Each equation tells you something profound. The first says electric charges create diverging electric field lines — they act as sources and sinks. The second says there are no magnetic charges, so magnetic field lines always form closed loops. The third is Faraday's induction law — a changing magnetic field creates a curling electric field. The fourth is the key one Maxwell modified: a changing electric field creates a curling magnetic field, just as a real current does.

That last term — $\mu_0 \varepsilon_0 \partial\mathbf{E}/\partial t$ — is the displacement current. It was not observed experimentally when Maxwell added it; he added it because without it, the equations were mathematically inconsistent. And it is that term that allows electromagnetic waves to exist and propagate through a vacuum.

The wave equation Maxwell derived predicts transverse waves — oscillations perpendicular to the direction of travel. In an electromagnetic wave, the electric and magnetic fields oscillate perpendicular to each other and to the direction of propagation, always in phase and always satisfying $|\mathbf{E}| = c|\mathbf{B}|$.

                     E (vertical)
                          ╱╲        ╱╲
                         ╱  ╲      ╱  ╲
           ──────────── ╱    ╲────╱    ╲──────────────▶ x (propagation)
                               ╲  ╱        
                                ╲╱ 
                     B (horizontal, into/out of page)
                     
          E ⊥ B ⊥ propagation direction
          Speed in vacuum: c = 1/√(μ₀ε₀) ≈ 3×10⁸ m/s

The entire electromagnetic spectrum — from radio waves with kilometre-scale wavelengths to gamma rays with wavelengths smaller than an atomic nucleus — is the same phenomenon at different frequencies. Visible light is just the narrow band that evolution happened to tune our eyes to detect.

Maxwell's equations contained a constant: the speed of light. But speed relative to what? In the late 1800s, physicists assumed there must be a medium — the "luminiferous ether" — through which light propagated, just as sound propagates through air. The speed of light would be $c$ relative to the ether, and you could measure the Earth's motion through it.

Michelson and Morley tried to detect the ether in 1887. They found nothing. The speed of light was the same regardless of which direction they measured it. This was deeply confusing.

Einstein, in 1905, resolved the confusion by refusing to be confused by it. He said: take the result seriously. The speed of light is the same for all observers, in all inertial frames. Accept that as a postulate and see what follows.

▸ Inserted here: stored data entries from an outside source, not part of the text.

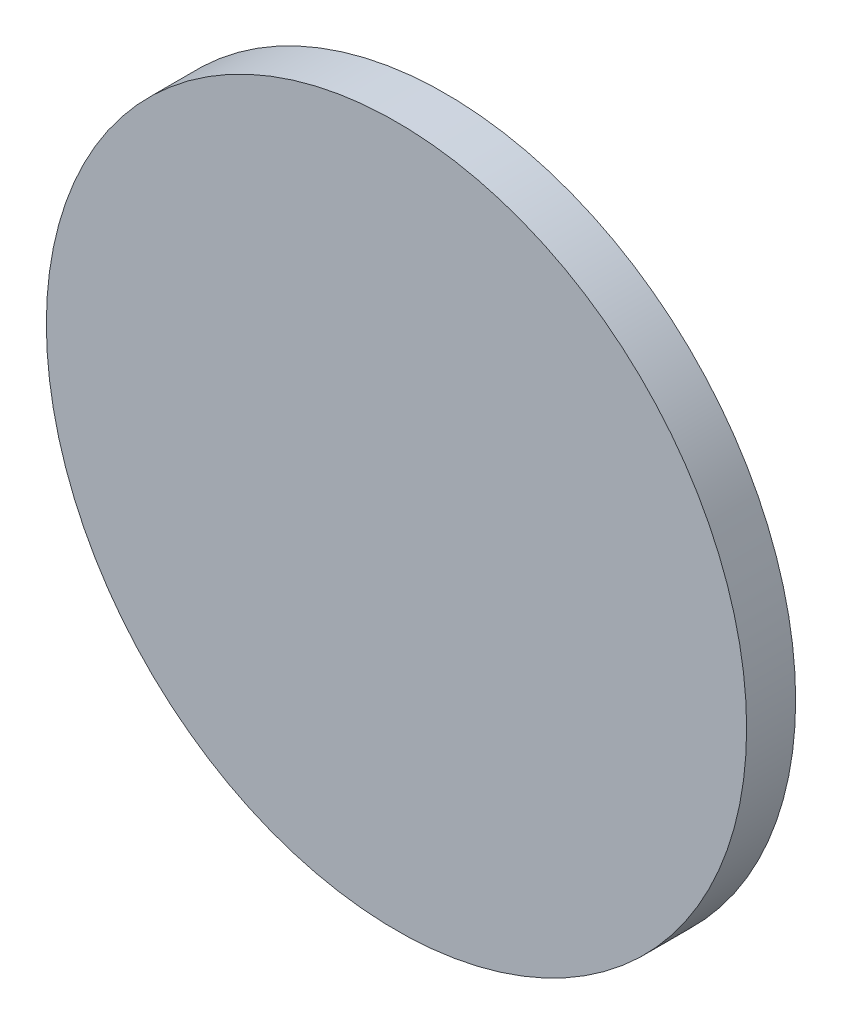
ISO-10303-21;
HEADER;
FILE_DESCRIPTION(('STEP AP214'),'2;1');
FILE_NAME('part.step','',(''),(''),'','','');
FILE_SCHEMA(('AUTOMOTIVE_DESIGN { 1 0 10303 214 1 1 1 1 }'));
ENDSEC;
DATA;
#1=APPLICATION_CONTEXT('core data for automotive mechanical design processes');
#2=APPLICATION_PROTOCOL_DEFINITION('international standard','automotive_design',2000,#1);
#3=PRODUCT_CONTEXT('',#1,'mechanical');
#4=PRODUCT('Part','Part','',(#3));
#5=PRODUCT_RELATED_PRODUCT_CATEGORY('part','',(#4));
#6=PRODUCT_DEFINITION_FORMATION('','',#4);
#7=PRODUCT_DEFINITION_CONTEXT('part definition',#1,'design');
#8=PRODUCT_DEFINITION('design','',#6,#7);
#9=PRODUCT_DEFINITION_SHAPE('','',#8);
#10=(LENGTH_UNIT() NAMED_UNIT(*) SI_UNIT(.MILLI.,.METRE.));
#11=(NAMED_UNIT(*) PLANE_ANGLE_UNIT() SI_UNIT($,.RADIAN.));
#12=(NAMED_UNIT(*) SI_UNIT($,.STERADIAN.) SOLID_ANGLE_UNIT());
#13=UNCERTAINTY_MEASURE_WITH_UNIT(LENGTH_MEASURE(1.E-05),#10,'distance_accuracy_value','');
#14=(GEOMETRIC_REPRESENTATION_CONTEXT(3) GLOBAL_UNCERTAINTY_ASSIGNED_CONTEXT((#13)) GLOBAL_UNIT_ASSIGNED_CONTEXT((#10,
#11,#12)) REPRESENTATION_CONTEXT('',''));
#15=CARTESIAN_POINT('',(0.,0.,0.));
#16=DIRECTION('',(0.,0.,1.));
#17=DIRECTION('',(1.,0.,0.));
#18=AXIS2_PLACEMENT_3D('',#15,#16,#17);
#19=CARTESIAN_POINT('',(0.5,0.,0.));
#20=DIRECTION('',(0.,0.,-1.));
#21=DIRECTION('',(-1.,0.,0.));
#22=AXIS2_PLACEMENT_3D('',#19,#20,#21);
#23=PLANE('',#22);
#24=CARTESIAN_POINT('',(0.,0.,0.));
#25=DIRECTION('',(0.,0.,-1.));
#26=DIRECTION('',(-1.,0.,0.));
#27=AXIS2_PLACEMENT_3D('',#24,#25,#26);
#28=CIRCLE('',#27,0.5);
#29=CARTESIAN_POINT('',(-0.5,0.,0.));
#30=VERTEX_POINT('',#29);
#31=EDGE_CURVE('E18',#30,#30,#28,.F.);
#32=ORIENTED_EDGE('',*,*,#31,.F.);
#33=EDGE_LOOP('',(#32));
#34=FACE_BOUND('',#33,.T.);
#35=ADVANCED_FACE('F15',(#34),#23,.T.);
#36=CARTESIAN_POINT('',(0.,0.,0.));
#37=DIRECTION('',(0.,0.,-1.));
#38=DIRECTION('',(-1.,0.,0.));
#39=AXIS2_PLACEMENT_3D('',#36,#37,#38);
#40=CYLINDRICAL_SURFACE('',#39,0.5);
#41=ORIENTED_EDGE('',*,*,#31,.T.);
#42=EDGE_LOOP('',(#41));
#43=FACE_BOUND('',#42,.T.);
#44=CARTESIAN_POINT('',(0.,0.,0.07));
#45=DIRECTION('',(0.,0.,-1.));
#46=DIRECTION('',(-1.,0.,0.));
#47=AXIS2_PLACEMENT_3D('',#44,#45,#46);
#48=CIRCLE('',#47,0.5);
#49=CARTESIAN_POINT('',(-0.5,0.,0.07));
#50=VERTEX_POINT('',#49);
#51=EDGE_CURVE('E10',#50,#50,#48,.T.);
#52=ORIENTED_EDGE('',*,*,#51,.T.);
#53=EDGE_LOOP('',(#52));
#54=FACE_BOUND('',#53,.T.);
#55=ADVANCED_FACE('F27',(#43,#54),#40,.T.);
#56=CARTESIAN_POINT('',(0.5,0.,0.07));
#57=DIRECTION('',(0.,0.,-1.));
#58=DIRECTION('',(-1.,0.,0.));
#59=AXIS2_PLACEMENT_3D('',#56,#57,#58);
#60=PLANE('',#59);
#61=ORIENTED_EDGE('',*,*,#51,.F.);
#62=EDGE_LOOP('',(#61));
#63=FACE_BOUND('',#62,.T.);
#64=ADVANCED_FACE('F34',(#63),#60,.F.);
#65=CLOSED_SHELL('',(#35,#55,#64));
#66=MANIFOLD_SOLID_BREP('B1',#65);
#67=ADVANCED_BREP_SHAPE_REPRESENTATION('',(#18,#66),#14);
#68=SHAPE_DEFINITION_REPRESENTATION(#9,#67);
ENDSEC;
END-ISO-10303-21;
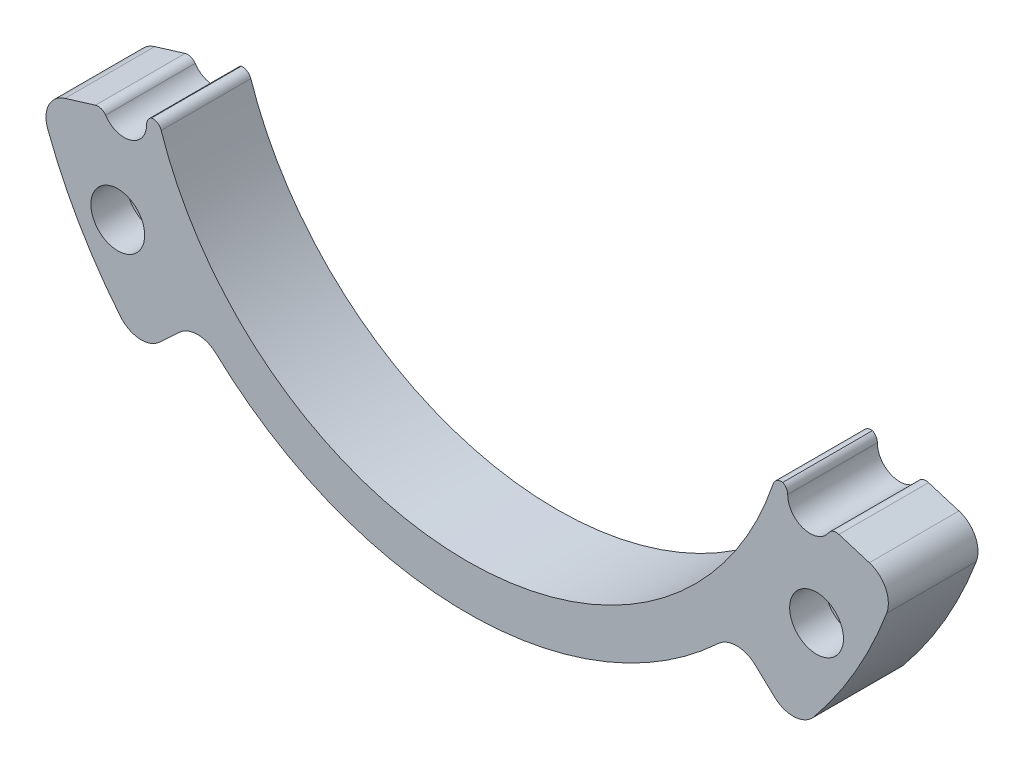
ISO-10303-21;
HEADER;
FILE_DESCRIPTION(('STEP AP214'),'2;1');
FILE_NAME('part.step','',(''),(''),'','','');
FILE_SCHEMA(('AUTOMOTIVE_DESIGN { 1 0 10303 214 1 1 1 1 }'));
ENDSEC;
DATA;
#1=APPLICATION_CONTEXT('core data for automotive mechanical design processes');
#2=APPLICATION_PROTOCOL_DEFINITION('international standard','automotive_design',2000,#1);
#3=PRODUCT_CONTEXT('',#1,'mechanical');
#4=PRODUCT('Part','Part','',(#3));
#5=PRODUCT_RELATED_PRODUCT_CATEGORY('part','',(#4));
#6=PRODUCT_DEFINITION_FORMATION('','',#4);
#7=PRODUCT_DEFINITION_CONTEXT('part definition',#1,'design');
#8=PRODUCT_DEFINITION('design','',#6,#7);
#9=PRODUCT_DEFINITION_SHAPE('','',#8);
#10=(LENGTH_UNIT() NAMED_UNIT(*) SI_UNIT(.MILLI.,.METRE.));
#11=(NAMED_UNIT(*) PLANE_ANGLE_UNIT() SI_UNIT($,.RADIAN.));
#12=(NAMED_UNIT(*) SI_UNIT($,.STERADIAN.) SOLID_ANGLE_UNIT());
#13=UNCERTAINTY_MEASURE_WITH_UNIT(LENGTH_MEASURE(1.E-05),#10,'distance_accuracy_value','');
#14=(GEOMETRIC_REPRESENTATION_CONTEXT(3) GLOBAL_UNCERTAINTY_ASSIGNED_CONTEXT((#13)) GLOBAL_UNIT_ASSIGNED_CONTEXT((#10,
#11,#12)) REPRESENTATION_CONTEXT('',''));
#15=CARTESIAN_POINT('',(0.,0.,0.));
#16=DIRECTION('',(0.,0.,1.));
#17=DIRECTION('',(1.,0.,0.));
#18=AXIS2_PLACEMENT_3D('',#15,#16,#17);
#19=CARTESIAN_POINT('',(38.9711431702997,-22.4999999999999,10.));
#20=DIRECTION('',(0.,0.,-1.));
#21=DIRECTION('',(-1.,0.,0.));
#22=AXIS2_PLACEMENT_3D('',#19,#20,#21);
#23=CYLINDRICAL_SURFACE('',#22,1.60000000000003);
#24=CARTESIAN_POINT('',(38.9711431702997,-22.4999999999999,0.));
#25=DIRECTION('',(0.,0.,1.));
#26=DIRECTION('',(1.,0.,0.));
#27=AXIS2_PLACEMENT_3D('',#24,#25,#26);
#28=CIRCLE('',#27,1.60000000000003);
#29=CARTESIAN_POINT('',(40.5711431702998,-22.4999999999999,0.));
#30=VERTEX_POINT('',#29);
#31=EDGE_CURVE('E382',#30,#30,#28,.T.);
#32=ORIENTED_EDGE('',*,*,#31,.F.);
#33=EDGE_LOOP('',(#32));
#34=FACE_BOUND('',#33,.T.);
#35=CARTESIAN_POINT('',(38.9711431702997,-22.4999999999999,6.));
#36=DIRECTION('',(0.,0.,1.));
#37=DIRECTION('',(1.,0.,0.));
#38=AXIS2_PLACEMENT_3D('',#35,#36,#37);
#39=CIRCLE('',#38,1.60000000000003);
#40=CARTESIAN_POINT('',(40.5711431702998,-22.4999999999999,6.));
#41=VERTEX_POINT('',#40);
#42=EDGE_CURVE('E222',#41,#41,#39,.T.);
#43=ORIENTED_EDGE('',*,*,#42,.T.);
#44=EDGE_LOOP('',(#43));
#45=FACE_BOUND('',#44,.T.);
#46=ADVANCED_FACE('F34',(#34,#45),#23,.F.);
#47=CARTESIAN_POINT('',(-38.9711431702998,-22.4999999999999,10.));
#48=DIRECTION('',(0.,0.,-1.));
#49=DIRECTION('',(-1.,0.,0.));
#50=AXIS2_PLACEMENT_3D('',#47,#48,#49);
#51=CYLINDRICAL_SURFACE('',#50,1.60000000000002);
#52=CARTESIAN_POINT('',(-38.9711431702998,-22.4999999999999,0.));
#53=DIRECTION('',(0.,0.,1.));
#54=DIRECTION('',(1.,0.,0.));
#55=AXIS2_PLACEMENT_3D('',#52,#53,#54);
#56=CIRCLE('',#55,1.60000000000002);
#57=CARTESIAN_POINT('',(-37.3711431702998,-22.4999999999999,0.));
#58=VERTEX_POINT('',#57);
#59=EDGE_CURVE('E349',#58,#58,#56,.T.);
#60=ORIENTED_EDGE('',*,*,#59,.F.);
#61=EDGE_LOOP('',(#60));
#62=FACE_BOUND('',#61,.T.);
#63=CARTESIAN_POINT('',(-38.9711431702998,-22.4999999999999,6.));
#64=DIRECTION('',(0.,0.,1.));
#65=DIRECTION('',(1.,0.,0.));
#66=AXIS2_PLACEMENT_3D('',#63,#64,#65);
#67=CIRCLE('',#66,1.60000000000002);
#68=CARTESIAN_POINT('',(-37.3711431702998,-22.4999999999999,6.));
#69=VERTEX_POINT('',#68);
#70=EDGE_CURVE('E359',#69,#69,#67,.T.);
#71=ORIENTED_EDGE('',*,*,#70,.T.);
#72=EDGE_LOOP('',(#71));
#73=FACE_BOUND('',#72,.T.);
#74=ADVANCED_FACE('F467',(#62,#73),#51,.F.);
#75=CARTESIAN_POINT('',(34.4269712146693,-10.5253813700185,10.));
#76=DIRECTION('',(-0.292371704722734,-0.956304755963036,0.));
#77=DIRECTION('',(0.956304755963036,-0.292371704722734,0.));
#78=AXIS2_PLACEMENT_3D('',#75,#76,#77);
#79=PLANE('',#78);
#80=DIRECTION('',(-0.956304755963036,0.292371704722734,0.));
#81=VECTOR('',#80,1.);
#82=CARTESIAN_POINT('',(34.4269712146693,-10.5253813700185,10.));
#83=LINE('',#82,#81);
#84=CARTESIAN_POINT('',(44.8546689856311,-13.7134485155796,10.));
#85=VERTEX_POINT('',#84);
#86=CARTESIAN_POINT('',(41.4597339008309,-12.6755126985958,10.));
#87=VERTEX_POINT('',#86);
#88=EDGE_CURVE('E337',#85,#87,#83,.T.);
#89=ORIENTED_EDGE('',*,*,#88,.F.);
#90=DIRECTION('',(0.,0.,-1.));
#91=VECTOR('',#90,1.);
#92=CARTESIAN_POINT('',(44.8546689856311,-13.7134485155796,10.));
#93=LINE('',#92,#91);
#94=CARTESIAN_POINT('',(44.8546689856311,-13.7134485155796,0.));
#95=VERTEX_POINT('',#94);
#96=EDGE_CURVE('E192',#85,#95,#93,.T.);
#97=ORIENTED_EDGE('',*,*,#96,.T.);
#98=DIRECTION('',(-0.956304755963036,0.292371704722734,0.));
#99=VECTOR('',#98,1.);
#100=CARTESIAN_POINT('',(34.4269712146693,-10.5253813700185,0.));
#101=LINE('',#100,#99);
#102=CARTESIAN_POINT('',(41.4597339008309,-12.6755126985958,0.));
#103=VERTEX_POINT('',#102);
#104=EDGE_CURVE('E185',#95,#103,#101,.T.);
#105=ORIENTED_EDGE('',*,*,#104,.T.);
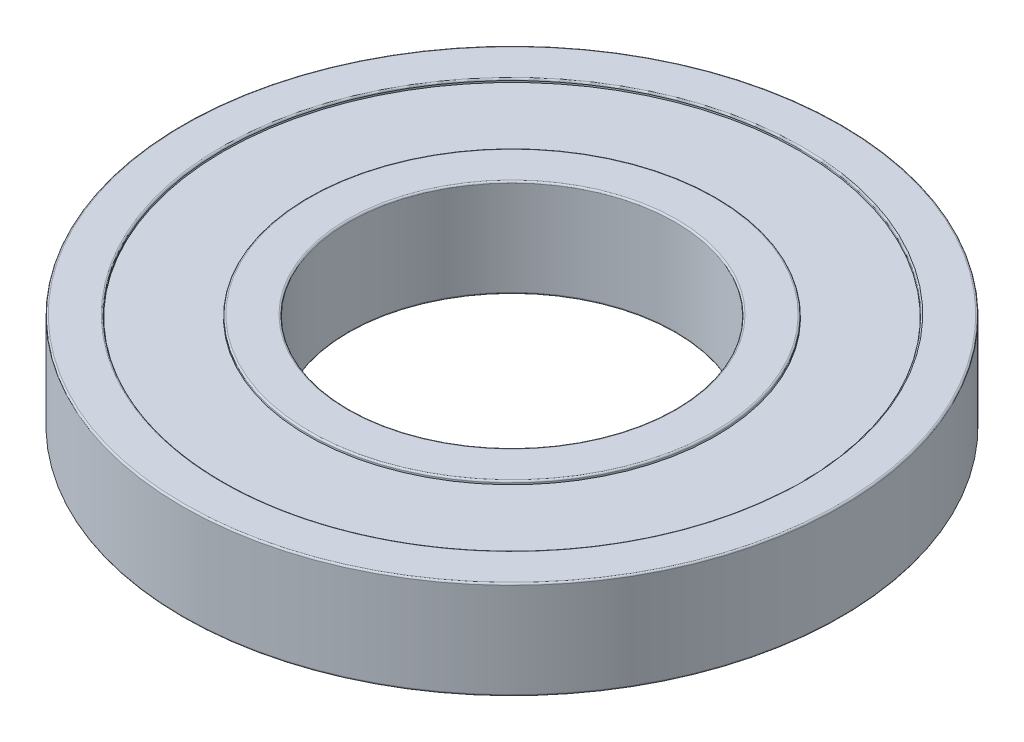
ISO-10303-21;
HEADER;
FILE_DESCRIPTION(('STEP AP214'),'2;1');
FILE_NAME('part.step','',(''),(''),'','','');
FILE_SCHEMA(('AUTOMOTIVE_DESIGN { 1 0 10303 214 1 1 1 1 }'));
ENDSEC;
DATA;
#1=APPLICATION_CONTEXT('core data for automotive mechanical design processes');
#2=APPLICATION_PROTOCOL_DEFINITION('international standard','automotive_design',2000,#1);
#3=PRODUCT_CONTEXT('',#1,'mechanical');
#4=PRODUCT('Part','Part','',(#3));
#5=PRODUCT_RELATED_PRODUCT_CATEGORY('part','',(#4));
#6=PRODUCT_DEFINITION_FORMATION('','',#4);
#7=PRODUCT_DEFINITION_CONTEXT('part definition',#1,'design');
#8=PRODUCT_DEFINITION('design','',#6,#7);
#9=PRODUCT_DEFINITION_SHAPE('','',#8);
#10=(LENGTH_UNIT() NAMED_UNIT(*) SI_UNIT(.MILLI.,.METRE.));
#11=(NAMED_UNIT(*) PLANE_ANGLE_UNIT() SI_UNIT($,.RADIAN.));
#12=(NAMED_UNIT(*) SI_UNIT($,.STERADIAN.) SOLID_ANGLE_UNIT());
#13=UNCERTAINTY_MEASURE_WITH_UNIT(LENGTH_MEASURE(1.E-05),#10,'distance_accuracy_value','');
#14=(GEOMETRIC_REPRESENTATION_CONTEXT(3) GLOBAL_UNCERTAINTY_ASSIGNED_CONTEXT((#13)) GLOBAL_UNIT_ASSIGNED_CONTEXT((#10,
#11,#12)) REPRESENTATION_CONTEXT('',''));
#15=CARTESIAN_POINT('',(0.,0.,0.));
#16=DIRECTION('',(0.,0.,1.));
#17=DIRECTION('',(1.,0.,0.));
#18=AXIS2_PLACEMENT_3D('',#15,#16,#17);
#19=CARTESIAN_POINT('',(0.,0.,0.));
#20=DIRECTION('',(0.,-1.,0.));
#21=DIRECTION('',(0.,0.,-1.));
#22=AXIS2_PLACEMENT_3D('',#19,#20,#21);
#23=CYLINDRICAL_SURFACE('',#22,6.25);
#24=CARTESIAN_POINT('',(0.,-1.45,0.));
#25=DIRECTION('',(0.,1.,0.));
#26=DIRECTION('',(0.,0.,1.));
#27=AXIS2_PLACEMENT_3D('',#24,#25,#26);
#28=CIRCLE('',#27,6.25);
#29=CARTESIAN_POINT('',(0.,-1.45,6.25));
#30=VERTEX_POINT('',#29);
#31=EDGE_CURVE('E77',#30,#30,#28,.T.);
#32=ORIENTED_EDGE('',*,*,#31,.T.);
#33=EDGE_LOOP('',(#32));
#34=FACE_BOUND('',#33,.T.);
#35=CARTESIAN_POINT('',(0.,-1.4,0.));
#36=DIRECTION('',(0.,1.,0.));
#37=DIRECTION('',(0.,0.,1.));
#38=AXIS2_PLACEMENT_3D('',#35,#36,#37);
#39=CIRCLE('',#38,6.25);
#40=CARTESIAN_POINT('',(0.,-1.4,6.25));
#41=VERTEX_POINT('',#40);
#42=EDGE_CURVE('E10',#41,#41,#39,.T.);
#43=ORIENTED_EDGE('',*,*,#42,.F.);
#44=EDGE_LOOP('',(#43));
#45=FACE_BOUND('',#44,.T.);
#46=ADVANCED_FACE('F35',(#34,#45),#23,.T.);
#47=CARTESIAN_POINT('',(0.,0.,0.));
#48=DIRECTION('',(0.,-1.,0.));
#49=DIRECTION('',(0.,0.,-1.));
#50=AXIS2_PLACEMENT_3D('',#47,#48,#49);
#51=CYLINDRICAL_SURFACE('',#50,8.84807621135332);
#52=CARTESIAN_POINT('',(0.,-1.45,0.));
#53=DIRECTION('',(0.,1.,0.));
#54=DIRECTION('',(0.,0.,1.));
#55=AXIS2_PLACEMENT_3D('',#52,#53,#54);
#56=CIRCLE('',#55,8.84807621135332);
#57=CARTESIAN_POINT('',(0.,-1.45,8.84807621135332));
#58=VERTEX_POINT('',#57);
#59=EDGE_CURVE('E107',#58,#58,#56,.F.);
#60=ORIENTED_EDGE('',*,*,#59,.T.);
#61=EDGE_LOOP('',(#60));
#62=FACE_BOUND('',#61,.T.);
#63=CARTESIAN_POINT('',(0.,-1.4,0.));
#64=DIRECTION('',(0.,1.,0.));
#65=DIRECTION('',(0.,0.,1.));
#66=AXIS2_PLACEMENT_3D('',#63,#64,#65);
#67=CIRCLE('',#66,8.84807621135332);
#68=CARTESIAN_POINT('',(0.,-1.4,8.84807621135332));
#69=VERTEX_POINT('',#68);
#70=EDGE_CURVE('E47',#69,#69,#67,.F.);
#71=ORIENTED_EDGE('',*,*,#70,.F.);
#72=EDGE_LOOP('',(#71));
#73=FACE_BOUND('',#72,.T.);
#74=ADVANCED_FACE('F143',(#62,#73),#51,.F.);
#75=CARTESIAN_POINT('',(0.,0.,0.));
#76=DIRECTION('',(0.,-1.,0.));
#77=DIRECTION('',(0.,0.,-1.));
#78=AXIS2_PLACEMENT_3D('',#75,#76,#77);
#79=CYLINDRICAL_SURFACE('',#78,6.25);
#80=CARTESIAN_POINT('',(0.,1.45,0.));
#81=DIRECTION('',(0.,-1.,0.));
#82=DIRECTION('',(0.,0.,-1.));
#83=AXIS2_PLACEMENT_3D('',#80,#81,#82);
#84=CIRCLE('',#83,6.25);
#85=CARTESIAN_POINT('',(0.,1.45,-6.25));
#86=VERTEX_POINT('',#85);
#87=EDGE_CURVE('E62',#86,#86,#84,.T.);
#88=ORIENTED_EDGE('',*,*,#87,.T.);
#89=EDGE_LOOP('',(#88));
#90=FACE_BOUND('',#89,.T.);
#91=CARTESIAN_POINT('',(0.,1.4,0.));
#92=DIRECTION('',(0.,-1.,0.));
#93=DIRECTION('',(0.,0.,-1.));
#94=AXIS2_PLACEMENT_3D('',#91,#92,#93);
#95=CIRCLE('',#94,6.25);
#96=CARTESIAN_POINT('',(0.,1.4,-6.25));
#97=VERTEX_POINT('',#96);
#98=EDGE_CURVE('E59',#97,#97,#95,.T.);
#99=ORIENTED_EDGE('',*,*,#98,.F.);
#100=EDGE_LOOP('',(#99));
#101=FACE_BOUND('',#100,.T.);
#102=ADVANCED_FACE('F157',(#90,#101),#79,.T.);
#103=CARTESIAN_POINT('',(-5.,1.5,0.));
#104=DIRECTION('',(0.,-1.,0.));
#105=DIRECTION('',(0.,0.,-1.));
#106=AXIS2_PLACEMENT_3D('',#103,#104,#105);
#107=PLANE('',#106);
#108=CARTESIAN_POINT('',(0.,1.5,0.));
#109=DIRECTION('',(0.,-1.,0.));
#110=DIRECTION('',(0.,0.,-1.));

What follows is special relativity. And the consequences are startling.

If the speed of light is constant for all observers, then time and length cannot be. Consider two people with perfectly synchronised clocks. One gets on a rocket and flies away at near the speed of light. When they reunite, the travelling twin is younger than the one who stayed. This is not a metaphor. It is a measurement.

The factor $\gamma$, the Lorentz factor, governs everything. At everyday speeds, $\gamma \approx 1$ and the effects are negligible. But GPS satellites orbit at speeds where relativistic corrections matter at the nanosecond level — without accounting for special (and general) relativity, GPS would accumulate errors of kilometres per day.

   γ
   ▲
10 │                                           ╭──
   │                                        ╭─╯
 5 │                                     ╭─╯
   │                                  ╭─╯
 2 │                             ╭───╯
   │                     ╭──────╯
 1 │─────────────────────╯
   └──────────────────────────────────────────────▶ v/c
   0      0.3     0.6      0.9   0.99  0.999  1.0
   
   At v = 0.9c: γ ≈ 2.3   At v = 0.99c: γ ≈ 7   At v = 0.999c: γ ≈ 22

The deepest insight of special relativity is that space and time are not separate things. They are two aspects of a single four-dimensional structure: spacetime. Different observers disagree about the spatial and temporal separations between events, but they all agree on the spacetime interval between them.

When $ds^2 < 0$, the interval is timelike — the events can be causally related, and a clock can travel between them. When $ds^2 > 0$, it is spacelike — no signal can connect the events. When $ds^2 = 0$, it is null — only light can travel between them.

And at the end of all this, Einstein's most famous equation sits like a punchline: mass is just a form of stored energy. Every kilogram of matter contains$mc^2 \approx 9 \times 10^{16}$ joules — roughly the energy output of a large power plant running for three years. From two postulates about the speed of light, we derived that matter itself is a kind of concentrated energy. That is not a bad return.